The answer must be a single number: how many lines in the entries hold the string "partidas".

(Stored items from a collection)
:::

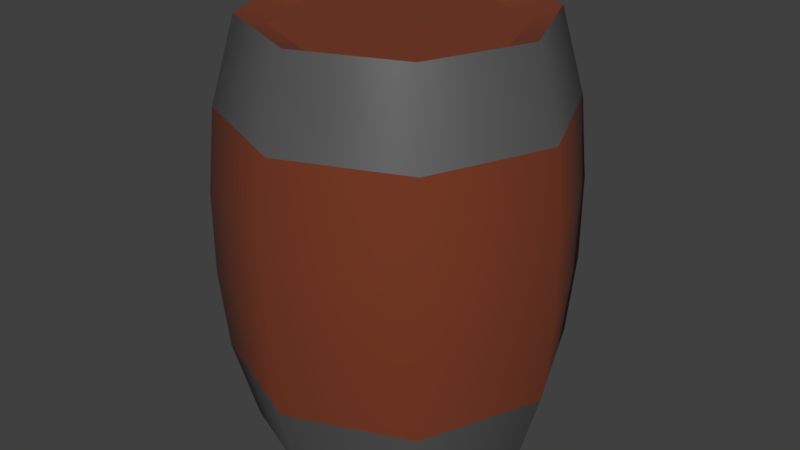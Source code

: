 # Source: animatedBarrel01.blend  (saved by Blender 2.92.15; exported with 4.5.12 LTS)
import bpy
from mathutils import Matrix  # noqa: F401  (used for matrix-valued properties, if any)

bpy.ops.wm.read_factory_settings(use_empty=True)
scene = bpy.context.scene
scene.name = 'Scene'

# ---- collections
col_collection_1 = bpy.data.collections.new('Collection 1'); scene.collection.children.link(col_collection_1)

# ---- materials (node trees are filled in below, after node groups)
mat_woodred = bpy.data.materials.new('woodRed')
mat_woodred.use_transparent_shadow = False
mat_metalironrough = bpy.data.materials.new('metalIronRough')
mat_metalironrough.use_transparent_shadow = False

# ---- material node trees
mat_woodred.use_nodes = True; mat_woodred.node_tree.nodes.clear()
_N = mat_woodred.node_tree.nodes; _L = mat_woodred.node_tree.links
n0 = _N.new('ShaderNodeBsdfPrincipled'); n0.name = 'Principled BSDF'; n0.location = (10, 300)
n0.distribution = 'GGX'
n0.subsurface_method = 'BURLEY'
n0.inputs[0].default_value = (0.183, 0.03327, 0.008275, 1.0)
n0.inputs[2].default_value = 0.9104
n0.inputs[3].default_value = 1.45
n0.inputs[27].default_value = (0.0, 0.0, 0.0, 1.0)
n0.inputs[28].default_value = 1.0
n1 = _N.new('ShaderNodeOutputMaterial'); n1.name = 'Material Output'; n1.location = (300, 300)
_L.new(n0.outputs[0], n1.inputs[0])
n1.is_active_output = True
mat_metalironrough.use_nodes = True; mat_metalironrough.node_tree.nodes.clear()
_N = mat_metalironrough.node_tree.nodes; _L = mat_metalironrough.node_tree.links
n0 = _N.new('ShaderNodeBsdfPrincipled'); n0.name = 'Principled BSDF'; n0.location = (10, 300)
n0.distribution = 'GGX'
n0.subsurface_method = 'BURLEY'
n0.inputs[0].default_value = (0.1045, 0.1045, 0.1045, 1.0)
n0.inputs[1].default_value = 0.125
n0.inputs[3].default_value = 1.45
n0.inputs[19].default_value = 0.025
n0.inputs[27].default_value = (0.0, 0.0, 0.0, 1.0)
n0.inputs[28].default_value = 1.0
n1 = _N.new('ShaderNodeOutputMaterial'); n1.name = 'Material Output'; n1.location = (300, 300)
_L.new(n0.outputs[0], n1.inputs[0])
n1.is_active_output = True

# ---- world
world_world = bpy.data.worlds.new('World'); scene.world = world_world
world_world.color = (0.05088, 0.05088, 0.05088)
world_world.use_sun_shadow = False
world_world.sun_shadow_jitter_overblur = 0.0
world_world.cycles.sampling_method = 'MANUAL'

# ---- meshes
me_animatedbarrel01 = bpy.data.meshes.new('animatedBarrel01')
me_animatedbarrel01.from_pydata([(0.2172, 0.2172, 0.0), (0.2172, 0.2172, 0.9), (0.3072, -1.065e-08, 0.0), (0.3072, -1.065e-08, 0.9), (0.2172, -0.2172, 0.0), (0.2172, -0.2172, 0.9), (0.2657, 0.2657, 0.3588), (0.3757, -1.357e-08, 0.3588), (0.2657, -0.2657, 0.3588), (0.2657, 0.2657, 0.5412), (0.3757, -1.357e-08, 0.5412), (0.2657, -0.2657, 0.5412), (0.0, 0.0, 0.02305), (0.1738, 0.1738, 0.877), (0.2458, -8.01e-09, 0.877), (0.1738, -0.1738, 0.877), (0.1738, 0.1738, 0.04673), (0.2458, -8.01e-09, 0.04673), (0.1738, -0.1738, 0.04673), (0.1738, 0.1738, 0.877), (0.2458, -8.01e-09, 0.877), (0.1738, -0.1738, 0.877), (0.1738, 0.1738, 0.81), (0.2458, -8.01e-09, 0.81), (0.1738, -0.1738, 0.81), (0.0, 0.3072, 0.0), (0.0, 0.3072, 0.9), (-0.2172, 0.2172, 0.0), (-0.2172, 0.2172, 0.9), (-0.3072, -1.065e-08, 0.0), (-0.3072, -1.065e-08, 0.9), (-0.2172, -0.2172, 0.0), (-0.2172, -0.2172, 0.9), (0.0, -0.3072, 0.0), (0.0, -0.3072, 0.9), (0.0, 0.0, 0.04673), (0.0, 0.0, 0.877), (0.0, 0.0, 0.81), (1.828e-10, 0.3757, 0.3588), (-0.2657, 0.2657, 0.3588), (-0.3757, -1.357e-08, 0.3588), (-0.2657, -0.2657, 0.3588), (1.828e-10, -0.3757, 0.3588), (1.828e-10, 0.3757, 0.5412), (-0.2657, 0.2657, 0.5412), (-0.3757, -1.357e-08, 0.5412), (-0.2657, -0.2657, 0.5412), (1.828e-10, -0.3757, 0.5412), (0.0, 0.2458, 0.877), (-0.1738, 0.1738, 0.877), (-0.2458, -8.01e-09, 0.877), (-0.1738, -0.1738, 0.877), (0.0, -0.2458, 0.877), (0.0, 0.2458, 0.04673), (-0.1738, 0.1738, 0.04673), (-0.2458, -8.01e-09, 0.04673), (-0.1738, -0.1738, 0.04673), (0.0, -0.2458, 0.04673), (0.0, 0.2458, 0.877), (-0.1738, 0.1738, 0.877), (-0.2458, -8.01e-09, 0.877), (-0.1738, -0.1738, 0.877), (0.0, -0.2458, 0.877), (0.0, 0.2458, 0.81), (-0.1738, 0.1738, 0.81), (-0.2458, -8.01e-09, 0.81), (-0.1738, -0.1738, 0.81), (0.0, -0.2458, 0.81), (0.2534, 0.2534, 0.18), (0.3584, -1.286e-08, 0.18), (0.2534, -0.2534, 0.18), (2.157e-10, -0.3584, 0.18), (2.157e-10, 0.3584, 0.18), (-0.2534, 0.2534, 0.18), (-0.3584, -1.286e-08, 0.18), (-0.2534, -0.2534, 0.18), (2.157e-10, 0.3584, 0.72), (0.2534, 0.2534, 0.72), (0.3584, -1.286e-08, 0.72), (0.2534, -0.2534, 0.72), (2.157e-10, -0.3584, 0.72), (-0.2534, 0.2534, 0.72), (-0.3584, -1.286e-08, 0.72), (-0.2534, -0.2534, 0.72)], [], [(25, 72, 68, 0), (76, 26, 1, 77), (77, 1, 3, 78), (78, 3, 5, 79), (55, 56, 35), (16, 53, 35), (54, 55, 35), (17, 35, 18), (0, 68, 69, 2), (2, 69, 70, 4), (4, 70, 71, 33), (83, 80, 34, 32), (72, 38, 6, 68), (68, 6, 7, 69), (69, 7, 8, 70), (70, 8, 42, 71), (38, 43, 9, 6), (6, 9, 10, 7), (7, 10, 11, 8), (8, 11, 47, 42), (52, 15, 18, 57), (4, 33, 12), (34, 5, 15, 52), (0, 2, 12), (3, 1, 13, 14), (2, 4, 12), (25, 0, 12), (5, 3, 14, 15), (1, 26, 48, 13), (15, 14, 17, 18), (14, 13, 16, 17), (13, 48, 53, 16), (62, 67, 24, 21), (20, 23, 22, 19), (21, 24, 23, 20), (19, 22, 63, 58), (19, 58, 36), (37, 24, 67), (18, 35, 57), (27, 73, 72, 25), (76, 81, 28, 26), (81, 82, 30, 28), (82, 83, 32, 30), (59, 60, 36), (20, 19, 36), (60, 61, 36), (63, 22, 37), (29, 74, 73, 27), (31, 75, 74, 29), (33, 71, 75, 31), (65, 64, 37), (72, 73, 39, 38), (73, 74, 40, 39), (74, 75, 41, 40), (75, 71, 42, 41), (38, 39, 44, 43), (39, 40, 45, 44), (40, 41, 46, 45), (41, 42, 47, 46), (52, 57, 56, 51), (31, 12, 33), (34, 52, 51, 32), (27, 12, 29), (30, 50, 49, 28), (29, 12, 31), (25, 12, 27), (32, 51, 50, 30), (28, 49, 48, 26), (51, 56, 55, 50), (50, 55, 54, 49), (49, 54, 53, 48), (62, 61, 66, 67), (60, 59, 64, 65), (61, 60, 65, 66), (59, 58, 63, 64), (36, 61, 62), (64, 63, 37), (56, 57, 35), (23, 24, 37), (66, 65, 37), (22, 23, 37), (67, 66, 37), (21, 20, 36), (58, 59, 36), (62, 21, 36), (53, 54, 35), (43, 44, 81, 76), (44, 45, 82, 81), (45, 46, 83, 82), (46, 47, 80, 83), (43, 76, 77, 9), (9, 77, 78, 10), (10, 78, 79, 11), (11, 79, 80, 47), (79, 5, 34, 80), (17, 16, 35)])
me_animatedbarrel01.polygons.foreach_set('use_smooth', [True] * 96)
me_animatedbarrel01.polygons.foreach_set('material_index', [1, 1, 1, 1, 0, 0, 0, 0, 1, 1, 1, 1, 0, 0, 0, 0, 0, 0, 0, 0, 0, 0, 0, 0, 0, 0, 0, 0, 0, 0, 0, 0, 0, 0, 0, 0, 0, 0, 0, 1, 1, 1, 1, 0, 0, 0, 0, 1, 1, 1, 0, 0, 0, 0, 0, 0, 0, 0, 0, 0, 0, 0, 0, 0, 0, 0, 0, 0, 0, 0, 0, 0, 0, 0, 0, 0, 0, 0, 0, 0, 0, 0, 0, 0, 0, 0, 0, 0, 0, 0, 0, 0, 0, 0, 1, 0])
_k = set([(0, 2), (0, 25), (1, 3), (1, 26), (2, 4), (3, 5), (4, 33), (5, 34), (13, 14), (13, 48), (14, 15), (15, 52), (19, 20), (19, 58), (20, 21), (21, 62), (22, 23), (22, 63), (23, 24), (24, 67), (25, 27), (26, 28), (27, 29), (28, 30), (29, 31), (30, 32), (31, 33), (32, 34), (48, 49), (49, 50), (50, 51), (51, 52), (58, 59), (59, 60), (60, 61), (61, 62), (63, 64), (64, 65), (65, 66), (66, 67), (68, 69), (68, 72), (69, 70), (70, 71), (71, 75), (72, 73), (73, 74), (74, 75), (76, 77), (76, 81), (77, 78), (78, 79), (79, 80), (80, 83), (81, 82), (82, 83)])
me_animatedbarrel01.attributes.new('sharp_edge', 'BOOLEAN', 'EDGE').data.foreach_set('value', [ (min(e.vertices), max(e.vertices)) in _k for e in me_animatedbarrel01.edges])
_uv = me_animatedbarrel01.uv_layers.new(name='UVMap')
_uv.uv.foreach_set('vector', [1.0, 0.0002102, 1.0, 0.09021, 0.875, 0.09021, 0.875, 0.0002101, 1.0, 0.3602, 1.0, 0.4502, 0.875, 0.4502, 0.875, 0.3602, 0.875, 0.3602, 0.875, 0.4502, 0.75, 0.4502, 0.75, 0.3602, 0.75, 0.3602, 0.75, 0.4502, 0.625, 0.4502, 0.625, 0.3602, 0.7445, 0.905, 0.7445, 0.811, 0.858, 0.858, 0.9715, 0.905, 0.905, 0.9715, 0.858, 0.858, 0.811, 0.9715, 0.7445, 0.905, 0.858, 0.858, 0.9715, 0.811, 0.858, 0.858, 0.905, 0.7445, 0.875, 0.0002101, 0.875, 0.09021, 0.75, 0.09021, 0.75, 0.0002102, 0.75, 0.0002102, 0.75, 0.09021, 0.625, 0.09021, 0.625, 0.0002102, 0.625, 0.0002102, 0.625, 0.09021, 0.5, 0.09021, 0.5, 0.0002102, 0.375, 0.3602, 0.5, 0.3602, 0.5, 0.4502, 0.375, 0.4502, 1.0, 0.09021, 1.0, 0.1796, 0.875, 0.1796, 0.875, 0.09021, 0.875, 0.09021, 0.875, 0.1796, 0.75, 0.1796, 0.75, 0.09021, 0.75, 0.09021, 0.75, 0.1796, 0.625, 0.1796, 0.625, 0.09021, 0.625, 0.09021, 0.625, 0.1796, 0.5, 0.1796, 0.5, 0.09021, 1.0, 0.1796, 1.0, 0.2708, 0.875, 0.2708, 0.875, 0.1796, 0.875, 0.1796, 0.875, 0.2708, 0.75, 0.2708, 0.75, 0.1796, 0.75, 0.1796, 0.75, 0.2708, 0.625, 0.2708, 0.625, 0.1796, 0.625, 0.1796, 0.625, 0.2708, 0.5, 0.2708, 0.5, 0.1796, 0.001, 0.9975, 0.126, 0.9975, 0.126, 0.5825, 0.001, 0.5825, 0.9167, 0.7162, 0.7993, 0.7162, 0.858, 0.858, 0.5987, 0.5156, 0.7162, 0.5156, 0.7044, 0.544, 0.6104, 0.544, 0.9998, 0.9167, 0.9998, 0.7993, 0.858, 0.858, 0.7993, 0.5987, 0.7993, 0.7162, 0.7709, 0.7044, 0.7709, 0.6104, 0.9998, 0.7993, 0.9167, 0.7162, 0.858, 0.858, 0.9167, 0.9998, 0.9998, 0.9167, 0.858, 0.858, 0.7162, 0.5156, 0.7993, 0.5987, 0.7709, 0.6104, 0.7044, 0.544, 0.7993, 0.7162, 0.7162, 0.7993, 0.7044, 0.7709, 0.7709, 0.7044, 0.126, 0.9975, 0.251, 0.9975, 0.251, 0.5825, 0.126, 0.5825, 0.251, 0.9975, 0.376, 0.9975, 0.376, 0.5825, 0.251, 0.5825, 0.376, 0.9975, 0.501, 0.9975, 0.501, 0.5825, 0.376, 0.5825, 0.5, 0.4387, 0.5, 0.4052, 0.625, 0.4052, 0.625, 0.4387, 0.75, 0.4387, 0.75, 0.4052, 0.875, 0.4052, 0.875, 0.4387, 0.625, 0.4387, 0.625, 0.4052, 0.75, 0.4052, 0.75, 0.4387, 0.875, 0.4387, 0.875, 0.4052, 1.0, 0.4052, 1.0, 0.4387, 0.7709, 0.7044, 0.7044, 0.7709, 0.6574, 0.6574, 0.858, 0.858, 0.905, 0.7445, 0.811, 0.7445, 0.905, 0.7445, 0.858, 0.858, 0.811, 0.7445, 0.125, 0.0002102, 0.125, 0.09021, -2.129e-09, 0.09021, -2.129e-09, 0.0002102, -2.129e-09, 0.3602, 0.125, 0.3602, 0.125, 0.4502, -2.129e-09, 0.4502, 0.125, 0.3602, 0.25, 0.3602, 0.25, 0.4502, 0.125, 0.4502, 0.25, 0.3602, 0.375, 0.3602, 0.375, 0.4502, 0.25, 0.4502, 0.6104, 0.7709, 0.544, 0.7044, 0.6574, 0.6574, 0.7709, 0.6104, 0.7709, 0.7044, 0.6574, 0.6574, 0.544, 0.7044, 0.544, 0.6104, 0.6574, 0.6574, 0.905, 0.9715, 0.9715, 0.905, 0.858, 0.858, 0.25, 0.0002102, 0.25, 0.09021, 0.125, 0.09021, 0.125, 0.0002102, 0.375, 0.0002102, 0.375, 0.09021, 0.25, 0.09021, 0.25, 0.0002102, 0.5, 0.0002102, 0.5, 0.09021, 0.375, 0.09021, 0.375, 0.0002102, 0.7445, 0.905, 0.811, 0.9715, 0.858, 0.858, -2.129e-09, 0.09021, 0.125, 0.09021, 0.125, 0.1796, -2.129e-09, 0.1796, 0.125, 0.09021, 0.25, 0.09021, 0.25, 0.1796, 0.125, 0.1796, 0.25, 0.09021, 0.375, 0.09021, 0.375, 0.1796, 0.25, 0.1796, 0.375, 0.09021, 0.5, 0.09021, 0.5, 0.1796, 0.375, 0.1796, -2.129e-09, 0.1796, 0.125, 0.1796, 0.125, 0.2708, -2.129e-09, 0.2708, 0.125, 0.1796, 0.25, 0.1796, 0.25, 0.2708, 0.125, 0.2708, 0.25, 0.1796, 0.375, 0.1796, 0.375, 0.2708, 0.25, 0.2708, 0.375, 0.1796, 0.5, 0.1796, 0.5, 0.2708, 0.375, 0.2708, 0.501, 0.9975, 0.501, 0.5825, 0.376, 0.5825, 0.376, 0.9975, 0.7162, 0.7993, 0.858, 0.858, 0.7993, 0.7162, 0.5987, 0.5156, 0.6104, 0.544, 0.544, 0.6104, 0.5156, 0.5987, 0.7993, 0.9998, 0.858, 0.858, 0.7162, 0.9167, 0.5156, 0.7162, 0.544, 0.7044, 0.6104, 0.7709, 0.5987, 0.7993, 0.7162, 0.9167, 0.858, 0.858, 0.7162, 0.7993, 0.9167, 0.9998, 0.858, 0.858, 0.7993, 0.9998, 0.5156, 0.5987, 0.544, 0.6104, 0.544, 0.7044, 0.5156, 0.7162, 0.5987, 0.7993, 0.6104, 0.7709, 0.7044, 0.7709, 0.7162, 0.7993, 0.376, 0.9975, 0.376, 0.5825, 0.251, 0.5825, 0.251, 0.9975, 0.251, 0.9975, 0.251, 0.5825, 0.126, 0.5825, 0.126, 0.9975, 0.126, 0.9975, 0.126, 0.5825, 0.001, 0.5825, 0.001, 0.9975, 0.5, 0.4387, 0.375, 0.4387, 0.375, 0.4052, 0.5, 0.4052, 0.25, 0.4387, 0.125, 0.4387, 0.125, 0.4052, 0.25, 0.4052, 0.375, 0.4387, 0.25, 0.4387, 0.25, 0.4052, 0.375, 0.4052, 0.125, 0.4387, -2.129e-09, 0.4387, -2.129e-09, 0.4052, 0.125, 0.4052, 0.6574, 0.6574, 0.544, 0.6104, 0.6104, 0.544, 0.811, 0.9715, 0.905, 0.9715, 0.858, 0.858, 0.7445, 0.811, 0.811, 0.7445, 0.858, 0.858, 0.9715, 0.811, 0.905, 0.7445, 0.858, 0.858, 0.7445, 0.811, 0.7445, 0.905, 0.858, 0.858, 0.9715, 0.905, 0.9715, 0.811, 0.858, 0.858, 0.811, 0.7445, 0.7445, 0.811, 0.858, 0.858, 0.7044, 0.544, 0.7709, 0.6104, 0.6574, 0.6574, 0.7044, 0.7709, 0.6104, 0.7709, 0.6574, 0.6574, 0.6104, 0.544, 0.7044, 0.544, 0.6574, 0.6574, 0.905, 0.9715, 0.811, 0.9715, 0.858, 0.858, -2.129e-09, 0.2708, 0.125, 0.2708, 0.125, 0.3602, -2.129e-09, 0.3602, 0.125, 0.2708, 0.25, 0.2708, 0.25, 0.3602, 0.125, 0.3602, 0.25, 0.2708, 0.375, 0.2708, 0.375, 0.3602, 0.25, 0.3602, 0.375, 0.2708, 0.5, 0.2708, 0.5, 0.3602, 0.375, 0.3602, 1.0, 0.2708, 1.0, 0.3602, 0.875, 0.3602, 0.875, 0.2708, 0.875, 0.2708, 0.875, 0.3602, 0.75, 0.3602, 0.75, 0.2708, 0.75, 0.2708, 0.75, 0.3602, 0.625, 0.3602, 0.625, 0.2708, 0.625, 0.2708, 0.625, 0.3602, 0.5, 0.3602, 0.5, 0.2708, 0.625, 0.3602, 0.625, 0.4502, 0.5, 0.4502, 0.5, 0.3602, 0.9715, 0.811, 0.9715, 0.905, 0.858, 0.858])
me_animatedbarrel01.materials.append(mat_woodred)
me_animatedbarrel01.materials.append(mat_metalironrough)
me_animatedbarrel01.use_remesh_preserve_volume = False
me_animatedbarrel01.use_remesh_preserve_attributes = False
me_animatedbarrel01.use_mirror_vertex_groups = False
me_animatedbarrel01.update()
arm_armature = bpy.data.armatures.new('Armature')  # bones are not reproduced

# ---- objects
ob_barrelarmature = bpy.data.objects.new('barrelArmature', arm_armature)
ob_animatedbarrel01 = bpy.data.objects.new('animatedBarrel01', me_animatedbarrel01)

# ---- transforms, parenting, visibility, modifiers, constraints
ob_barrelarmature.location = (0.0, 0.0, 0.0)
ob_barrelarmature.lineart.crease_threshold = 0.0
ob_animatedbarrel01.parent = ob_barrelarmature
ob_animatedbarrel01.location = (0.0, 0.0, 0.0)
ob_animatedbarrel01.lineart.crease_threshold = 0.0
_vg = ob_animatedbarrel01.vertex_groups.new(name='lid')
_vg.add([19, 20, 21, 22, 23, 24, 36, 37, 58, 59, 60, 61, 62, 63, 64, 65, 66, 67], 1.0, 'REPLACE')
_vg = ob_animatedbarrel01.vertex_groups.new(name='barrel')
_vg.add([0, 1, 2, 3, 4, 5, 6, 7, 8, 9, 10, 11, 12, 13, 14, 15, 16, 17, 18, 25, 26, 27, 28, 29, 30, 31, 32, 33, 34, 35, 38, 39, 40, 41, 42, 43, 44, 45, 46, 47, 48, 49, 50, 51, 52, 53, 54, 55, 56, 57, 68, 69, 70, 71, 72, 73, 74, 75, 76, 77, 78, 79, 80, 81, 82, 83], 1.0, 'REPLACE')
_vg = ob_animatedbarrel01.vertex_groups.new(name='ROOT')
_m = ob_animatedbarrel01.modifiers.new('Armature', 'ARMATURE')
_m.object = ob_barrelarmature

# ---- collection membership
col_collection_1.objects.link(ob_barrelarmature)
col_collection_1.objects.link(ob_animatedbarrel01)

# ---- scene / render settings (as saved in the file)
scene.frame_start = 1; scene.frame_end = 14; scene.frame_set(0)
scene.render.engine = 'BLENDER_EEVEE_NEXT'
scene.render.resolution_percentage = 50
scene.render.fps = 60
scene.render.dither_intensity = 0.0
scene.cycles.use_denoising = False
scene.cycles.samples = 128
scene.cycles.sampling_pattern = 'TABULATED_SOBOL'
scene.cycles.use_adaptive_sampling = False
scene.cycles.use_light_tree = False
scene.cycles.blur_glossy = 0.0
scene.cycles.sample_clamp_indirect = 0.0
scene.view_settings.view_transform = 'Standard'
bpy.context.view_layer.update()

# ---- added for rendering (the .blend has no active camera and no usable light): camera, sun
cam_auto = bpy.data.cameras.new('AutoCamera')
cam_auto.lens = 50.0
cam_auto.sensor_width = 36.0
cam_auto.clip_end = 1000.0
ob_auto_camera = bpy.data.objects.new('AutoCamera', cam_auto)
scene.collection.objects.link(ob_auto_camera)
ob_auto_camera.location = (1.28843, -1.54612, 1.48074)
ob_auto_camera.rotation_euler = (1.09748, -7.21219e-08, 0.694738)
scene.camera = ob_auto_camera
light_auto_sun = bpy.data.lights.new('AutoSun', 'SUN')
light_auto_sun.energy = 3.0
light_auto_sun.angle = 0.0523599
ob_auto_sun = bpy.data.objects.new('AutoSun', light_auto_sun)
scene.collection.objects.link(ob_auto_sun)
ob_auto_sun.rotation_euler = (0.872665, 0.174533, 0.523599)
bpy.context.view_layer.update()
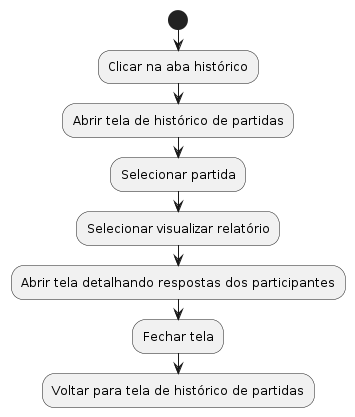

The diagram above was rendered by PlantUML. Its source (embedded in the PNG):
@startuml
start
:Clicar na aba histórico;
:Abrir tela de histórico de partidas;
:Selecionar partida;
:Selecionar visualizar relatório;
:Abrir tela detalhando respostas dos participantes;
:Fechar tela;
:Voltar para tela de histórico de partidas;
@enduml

:::

=== FINISHED TASK ===
2